SYSTEM COST ESTIMATING IN SOFTWARE PRODUCT LINES USING FEATURE-ORIENTED APPROACH

Authors

  • Amougou Ngoumou Higher Teacher Training College, University of Yaounde I, Cameroon
    • Marcel Fouda Higher Teacher Training College, University of Yaounde I, Cameroon

      DOI:

      https://doi.org/10.15282/

      Keywords:

      System cost estimation , Software Product Line, Domain analysis, Reuse, Feature-orientation

      Abstract

      The feature business component of a software product line in its solution part shows services provided by that software product line in a feature model which is an AND/OR graph. To be implemented, these services can require Commercial Off-The-Shelf Products (COTS). Therefore, evaluate the cost of a system in Software Product Line (SPL) is difficult since many COTS are evolved in features at different levels of the feature model.
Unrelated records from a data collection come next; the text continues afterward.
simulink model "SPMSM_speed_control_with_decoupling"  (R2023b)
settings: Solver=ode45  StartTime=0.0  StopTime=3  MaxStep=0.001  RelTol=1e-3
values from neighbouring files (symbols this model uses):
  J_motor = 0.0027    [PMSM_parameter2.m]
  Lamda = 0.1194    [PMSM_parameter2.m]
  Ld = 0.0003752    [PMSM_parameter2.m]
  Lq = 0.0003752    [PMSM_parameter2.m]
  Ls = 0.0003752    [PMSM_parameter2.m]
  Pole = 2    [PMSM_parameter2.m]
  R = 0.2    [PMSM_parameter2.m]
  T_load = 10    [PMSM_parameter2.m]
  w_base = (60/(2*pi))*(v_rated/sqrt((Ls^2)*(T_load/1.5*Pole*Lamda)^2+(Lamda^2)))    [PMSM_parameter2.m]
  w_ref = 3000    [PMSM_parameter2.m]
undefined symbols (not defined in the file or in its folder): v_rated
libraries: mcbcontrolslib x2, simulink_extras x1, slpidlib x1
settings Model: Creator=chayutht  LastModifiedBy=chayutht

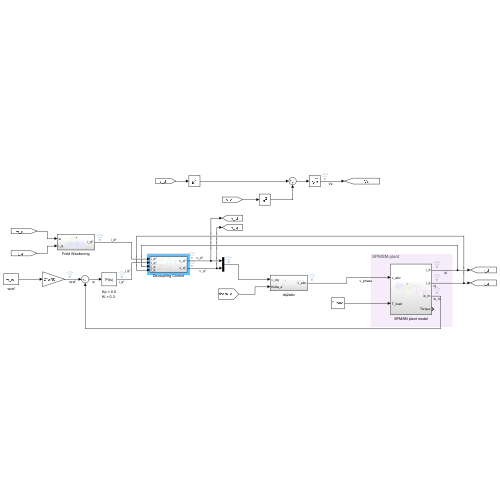
[thumbnail: Simulink's stored preview of the top-level diagram]
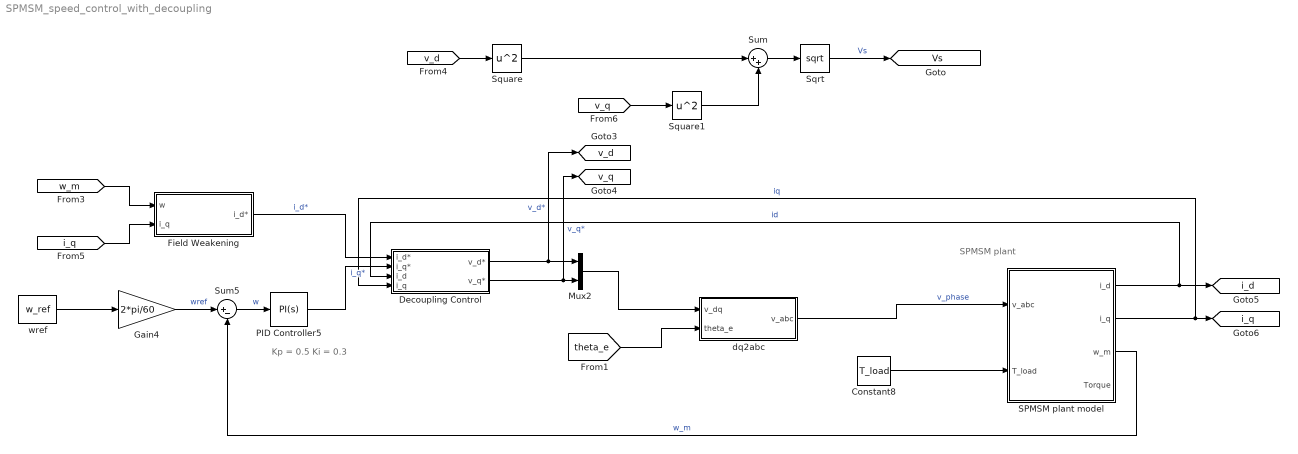
== system SPMSM_speed_control_with_decoupling ==
  note: SPMSM plant
  note: Kp = 0.5
      | Ki = 0.3
  Constant8 : Constant  Value=T_load
  Decoupling Control : Subsystem
  Field Weakening : Subsystem
  Gain4 : Gain  Gain=2*pi/60
  Mux2 : Mux  Inputs=2
  PID Controller5 : slpidlib/PID Controller  Controller=PI  Form=Parallel  TimeDomain=Continuous-time  UseExternalTs=off  SampleTime=-1  IntegratorMethod=Forward Euler  FilterMethod=Forward Euler  ControllerParametersSource=internal  P=0.2  I=0.3  UseKiTs=off  D=0  N=100  UseFilter=on  TunerSelectOption=Transfer Function Based (PID Tuner App)  InitialConditionSource=internal  InitialConditionForIntegrator=0  InitialConditionForFilter=0  DifferentiatorICPrevScaledInput=0  ExternalReset=none  TrackingMode=off  Kt=1  LimitOutput=off  SatLimitsSource=internal  UpperSaturationLimit=inf  LowerSaturationLimit=-inf  LinearizeAsGain=on  AntiWindupMode=none  Kb=1  LimitIntegrator=off  UpperIntegratorSaturationLimit=inf  LowerIntegratorSaturationLimit=-inf  POutMin=[]  POutMax=[]  IOutMin=[]  IOutMax=[]  DOutMin=[]  DOutMax=[]  NOutMin=[]  NOutMax=[]  SumOutMin=[]  SumOutMax=[]  SaturationOutMin=[]  SaturationOutMax=[]  PParamMin=[]  PParamMax=[]  IParamMin=[]  IParamMax=[]  DParamMin=[]  DParamMax=[]  NParamMin=[]  NParamMax=[]  KbParamMin=[]  KbParamMax=[]  KtParamMin=[]  KtParamMax=[]  KbOutMin=[]  KbOutMax=[]  KtOutMin=[]  KtOutMax=[]  IntegratorOutMin=[]  IntegratorOutMax=[]  FilterOutMin=[]  FilterOutMax=[]  SumI1OutMin=[]  SumI1OutMax=[]  SumI2OutMin=[]  SumI2OutMax=[]  SumI3OutMin=[]  SumI3OutMax=[]  SumI4OutMin=[]  SumI4OutMax=[]  SumDOutMin=[]  SumDOutMax=[]  DifferentiatorOutMin=[]  DifferentiatorOutMax=[]  FilterDiffOutCoefMin=[]  FilterDiffOutCoefMax=[]  ReciprocalOutMin=[]  ReciprocalOutMax=[]  SumDenOutMin=[]  SumDenOutMax=[]  SumNumOutMin=[]  SumNumOutMax=[]  DivideOutMin=[]  DivideOutMax=[]  UdiffTsProdOutMin=[]  UdiffTsProdOutMax=[]  NTsProdOutMin=[]  NTsProdOutMax=[]  UintegralTsProdOutMin=[]  UintegralTsProdOutMax=[]  UngainTsProdOutMin=[]  UngainTsProdOutMax=[]  ClampingZeroOutDataTypeStr=Inherit: Inherit via back propagation  ClampingZeroOutMin=[]  ClampingZeroOutMax=[]  FilterDenConstantOutDataTypeStr=Inherit: Inherit via back propagation  FilterDenConstantOutMin=[]  FilterDenConstantOutMax=[]  PCopyOutDataTypeStr=Inherit: Inherit via back propagation  PCopyOutMin=[]  PCopyOutMax=[]  NCopyOutDataTypeStr=Inherit: Inherit via back propagation  NCopyOutMin=[]  NCopyOutMax=[]  IntegratorContinuousStateAttributes=''  IntegratorStateMustResolveToSignalObject=off  IntegratorRTWStateStorageClass=Auto  FilterContinuousStateAttributes=''  FilterStateMustResolveToSignalObject=off  FilterRTWStateStorageClass=Auto  ParallelPVariant=InternalParameters  IdealPVariant=Disabled  IVariant=InternalParameters  DVariant=Disabled  IntegratorVariant=Continuous  SatVariant=Disabled  AWVariant=Passthrough  PCopyVariant=Disabled  TRVariant=Disabled  FdbkBlocksVariant=Forward  IdealPFdbkVariant=Disabled  SatFdbkVariant=Disabled  DerivativeFilterVariant=Disabled  NVariant=Disabled  NCopyVariant=Disabled_SignalSpec  FilterICVariant=Disabled  IntegratorICVariant=InternalICs  ExternalResetVariant=Disabled  TRSumVariant=Passthrough  SumFdbkVariant=Disabled  SumVariant=Sum_PI  TsampFilterVariant=InternalTs  TsampNgainVariant=Passthrough  TsampIntegralVariant=Disabled_SignalSpec  ExternalSaturationOutDataTypeStr=Inherit: Same as second input
  SPMSM plant model : Subsystem
  Sqrt : Sqrt
  Square : Math  Operator=square
  Square1 : Math  Operator=square
  Sum : Sum  Inputs=|++
  Sum5 : Sum  Inputs=|+-
  dq2abc : Subsystem
  wref : Constant  Value=w_ref
  tag scope: Vs=global, i_d=global, i_q=global, v_d=global, v_q=global
  wires:
  [w_m] -> Field Weakening/1(w)
  PID Controller5/1 -> Decoupling Control/2(i_q*)  "i_q*"
  Gain4/1 -> Sum5/1  "wref"
  Decoupling Control/1(v_d*) -> [v_d], Mux2/1  "v_d*"
  Mux2/1 -> dq2abc/1(v_dq)
  [i_q] -> Field Weakening/2(i_q)
  Sum5/1 -> PID Controller5/1  "w"
  SPMSM plant model/1(i_d) -> Decoupling Control/3(i_d), [i_d]  "id"
  dq2abc/1(v_abc) -> SPMSM plant model/1(v_abc)  "v_phase"
  wref/1 -> Gain4/1
  Decoupling Control/2(v_q*) -> [v_q], Mux2/2  "v_q*"
  Field Weakening/1(i_d*) -> Decoupling Control/1(i_d*)  "i_d*"
  [theta_e] -> dq2abc/2(theta_e)
  SPMSM plant model/3(w_m) -> Sum5/2  "w_m"
  Constant8/1 -> SPMSM plant model/2(T_load)
  SPMSM plant model/2(i_q) -> Decoupling Control/4(i_q), [i_q]  "iq"
  Sum/1 -> Sqrt/1
  Sqrt/1 -> [Vs]  "Vs"
  Square/1 -> Sum/1
  [v_d] -> Square/1
  Square1/1 -> Sum/2
  [v_q] -> Square1/1

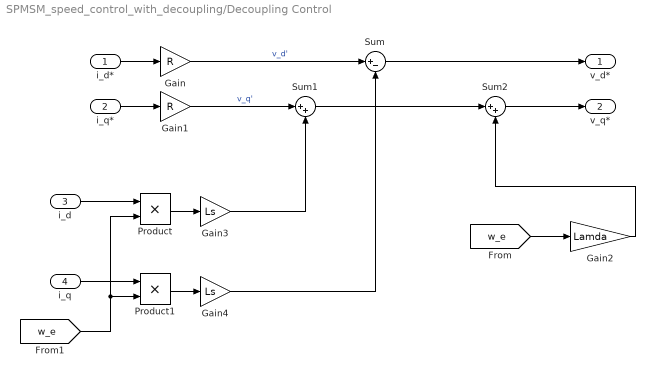
== system SPMSM_speed_control_with_decoupling/Decoupling Control ==
  i_d* : Inport
  i_q* : Inport  Port=2
  i_d : Inport  Port=3
  i_q : Inport  Port=4
  Gain : Gain  Gain=R
  Gain1 : Gain  Gain=R
  Gain2 : Gain  Gain=Lamda
  Gain3 : Gain  Gain=Ls
  Gain4 : Gain  Gain=Ls
  Product : Product
  Product1 : Product
  Sum : Sum  Inputs=|+-
  Sum1 : Sum  Inputs=|++
  Sum2 : Sum  Inputs=|++
  v_d* : Outport
  v_q* : Outport  Port=2
  wires:
  i_d*/1 -> Gain/1
  i_q*/1 -> Gain1/1
  Gain1/1 -> Sum1/1  "v_q'"
  Gain/1 -> Sum/1  "v_d'"
  Sum1/1 -> Sum2/1
  Sum2/1 -> v_q*/1
  Sum/1 -> v_d*/1
  [w_e] -> Gain2/1
  Gain2/1 -> Sum2/2
  i_d/1 -> Product/1
  [w_e] -> Product1/2, Product/2
  i_q/1 -> Product1/1
  Product/1 -> Gain3/1
  Product1/1 -> Gain4/1
  Gain3/1 -> Sum1/2
  Gain4/1 -> Sum/2

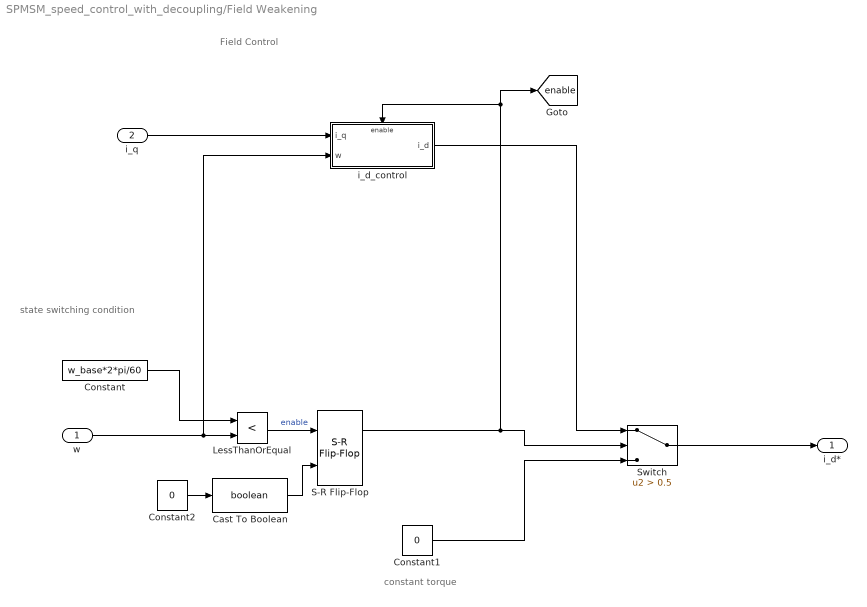
== system SPMSM_speed_control_with_decoupling/Field Weakening ==
  note: Field Control
  note: state switching condition
  note: constant torque
  w : Inport
  i_q : Inport  Port=2
  Cast To Boolean : DataTypeConversion  OutDataTypeStr=boolean  SaturateOnIntegerOverflow=off  RndMeth=Floor
  Constant : Constant  Value=w_base*2*pi/60
  Constant1 : Constant  Value=0
  Constant2 : Constant  Value=0
  LessThanOrEqual : RelationalOperator  Operator=<  OutDataTypeStr=boolean  RndMeth=Simplest  InputSameDT=off
  S-R Flip-Flop : simulink_extras/Flip Flops/S-R Flip-Flop  initial_condition=0
  Switch : Switch  Criteria=u2 > Threshold  Threshold=0.5  SaturateOnIntegerOverflow=off  InputSameDT=off
  i_d_control : Subsystem
  i_d* : Outport
  tag scope: enable=global
  wires:
  Constant/1 -> LessThanOrEqual/1
  LessThanOrEqual/1 -> S-R Flip-Flop/1  "enable"
  w/1 -> LessThanOrEqual/2, i_d_control/2(w)
  S-R Flip-Flop/1 -> Switch/2, [enable], i_d_control/Enable
  Constant1/1 -> Switch/3
  Constant2/1 -> Cast To Boolean/1
  Switch/1 -> i_d*/1
  i_q/1 -> i_d_control/1(i_q)
  i_d_control/1(i_d) -> Switch/1
  Cast To Boolean/1 -> S-R Flip-Flop/2

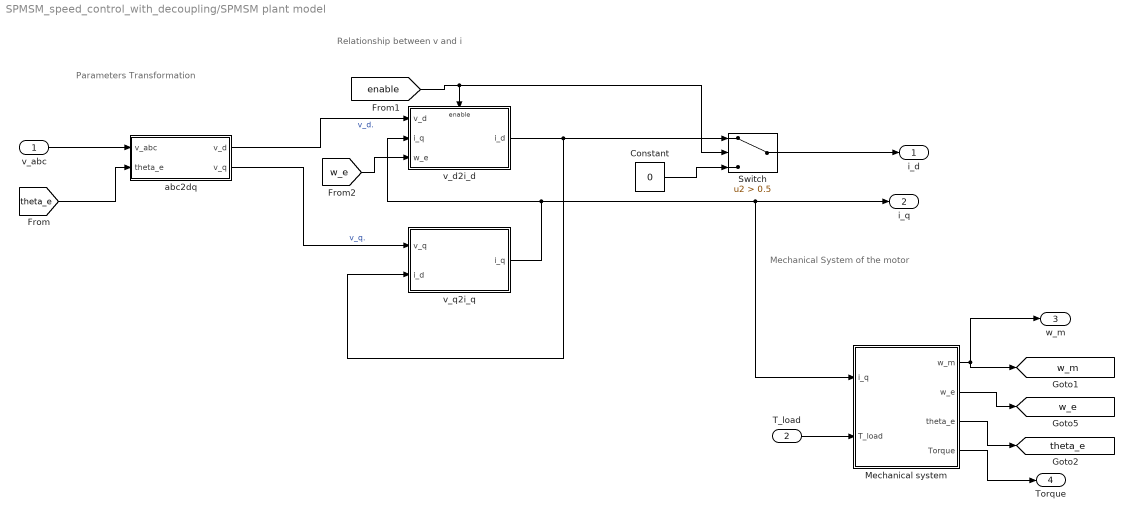
== system SPMSM_speed_control_with_decoupling/SPMSM plant model ==
  note: Mechanical System of the motor
  note: Relationship between v and i
  note: Parameters Transformation
  v_abc : Inport
  T_load : Inport  Port=2
  Constant : Constant  Value=0
  Mechanical system : Subsystem
  Switch : Switch  Criteria=u2 > Threshold  Threshold=0.5  SaturateOnIntegerOverflow=off  InputSameDT=off
  abc2dq : Subsystem
  v_d2i_d : Subsystem
  v_q2i_q : Subsystem
  i_d : Outport
  i_q : Outport  Port=2
  w_m : Outport  Port=3
  Torque : Outport  Port=4
  tag scope: theta_e=global, w_e=global, w_m=global
  wires:
  v_abc/1 -> abc2dq/1(v_abc)
  abc2dq/2(v_q) -> v_q2i_q/1(v_q)  "v_q."
  [theta_e] -> abc2dq/2(theta_e)
  T_load/1 -> Mechanical system/2(T_load)
  abc2dq/1(v_d) -> v_d2i_d/1(v_d)  "v_d."
  v_d2i_d/1(i_d) -> Switch/1, v_q2i_q/2(i_d)
  v_q2i_q/1(i_q) -> v_d2i_d/2(i_q), i_q/1, Mechanical system/1(i_q)
  Mechanical system/1(w_m) -> [w_m], w_m/1
  Mechanical system/3(theta_e) -> [theta_e]
  Mechanical system/2(w_e) -> [w_e]
  Mechanical system/4(Torque) -> Torque/1
  [enable] -> Switch/2, v_d2i_d/Enable
  Constant/1 -> Switch/3
  Switch/1 -> i_d/1
  [w_e] -> v_d2i_d/3(w_e)

== system SPMSM_speed_control_with_decoupling/dq2abc ==
  note: Inverse Park Transform
  note: Inverse Clark Transform
  v_dq : Inport
  theta_e : Inport  Port=2
  Demux : Demux  Outputs=2
  Mux : Mux  Inputs=3
  Sine-Cosine Lookup1 : mcbcontrolslib/Sine-Cosine Lookup  AngleInput=Radians  N_points=1024
      settings: LibrarySourceBlock=mcblib/Controls/Math Transforms/Sine-Cosine Lookup
  dq2xy : Subsystem
  xy2abc : Subsystem
  v_abc : Outport
  wires:
  theta_e/1 -> Sine-Cosine Lookup1/1
  Sine-Cosine Lookup1/1 -> dq2xy/3(sin_theta)  "sin"
  Sine-Cosine Lookup1/2 -> dq2xy/4(cos_theta)  "cos"
  v_dq/1 -> Demux/1
  Demux/1 -> dq2xy/1(v_d)  "v_d"
  Demux/2 -> dq2xy/2(v_q)  "v_q"
  dq2xy/1(v_xy) -> xy2abc/1(v_xy)  "v_x"
  xy2abc/2(v_b) -> Mux/2
  xy2abc/3(v_c) -> Mux/3
  xy2abc/1(v_a) -> Mux/1
  Mux/1 -> v_abc/1  "v_abc"

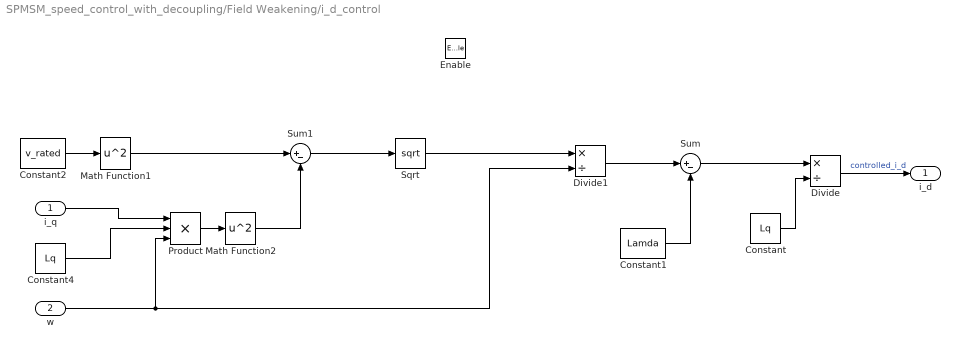
== system SPMSM_speed_control_with_decoupling/Field Weakening/i_d_control ==
  i_q : Inport
  w : Inport  Port=2
  Enable : EnablePort
  Constant : Constant  Value=Lq
  Constant1 : Constant  Value=Lamda
  Constant2 : Constant  Value=v_rated
  Constant4 : Constant  Value=Lq
  Divide : Product  Inputs=*/
  Divide1 : Product  Inputs=*/
  Math Function1 : Math  Operator=square
  Math Function2 : Math  Operator=square
  Product : Product  Inputs=3
  Sqrt : Sqrt
  Sum : Sum  Inputs=|+-
  Sum1 : Sum  Inputs=|+-
  i_d : Outport
  wires:
  Divide/1 -> i_d/1  "controlled_i_d"
  Constant/1 -> Divide/2
  Sum/1 -> Divide/1
  Constant1/1 -> Sum/2
  Divide1/1 -> Sum/1
  w/1 -> Product/3, Divide1/2
  Sqrt/1 -> Divide1/1
  Sum1/1 -> Sqrt/1
  Math Function1/1 -> Sum1/1
  Product/1 -> Math Function2/1
  Math Function2/1 -> Sum1/2
  Constant4/1 -> Product/2
  i_q/1 -> Product/1
  Constant2/1 -> Math Function1/1

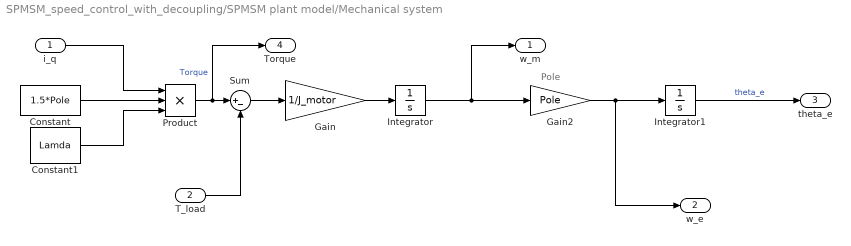
== system SPMSM_speed_control_with_decoupling/SPMSM plant model/Mechanical system ==
  note: Pole
  i_q : Inport
  T_load : Inport  Port=2
  Constant : Constant  Value=1.5*Pole
  Constant1 : Constant  Value=Lamda
  Gain : Gain  Gain=1/J_motor
  Gain2 : Gain  Gain=Pole
  Integrator : Integrator
  Integrator1 : Integrator
  Product : Product  Inputs=***
  Sum : Sum  Inputs=|+-
  w_m : Outport
  w_e : Outport  Port=2
  theta_e : Outport  Port=3
  Torque : Outport  Port=4
  wires:
  Product/1 -> Torque/1, Sum/1  "Torque"
  Gain2/1 -> Integrator1/1, w_e/1
  Constant1/1 -> Product/3
  Constant/1 -> Product/2
  Integrator/1 -> Gain2/1, w_m/1
  Sum/1 -> Gain/1
  Integrator1/1 -> theta_e/1  "theta_e"
  Gain/1 -> Integrator/1
  i_q/1 -> Product/1
  T_load/1 -> Sum/2

== system SPMSM_speed_control_with_decoupling/SPMSM plant model/abc2dq ==
  v_abc : Inport
  theta_e : Inport  Port=2
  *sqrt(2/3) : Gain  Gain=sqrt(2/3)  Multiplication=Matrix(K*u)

Currently, several approaches have been proposed to evaluate software project cost, including algorithmic methods such as Constructive Cost Model, Software Life-Cycle Management (SLIM), and Functional Point Analysis (FPA), as well as non-algorithmic methods such as Delphi, rule-based, and learning-based approaches. However, COTS components are independent of the project, and their costs are dynamic. In this work, we suggest a methodology and propose algorithms to approximate the cost of a product belonging to a given software product line, including the minimal and maximal cost. The novelty of this work lies in enriching feature business components by adding new knowledge during domain analysis, such as required COTS and their associated costs for each feature at different levels of the feature model. This enhanced model enables the development of algorithms for more effective system cost estimation.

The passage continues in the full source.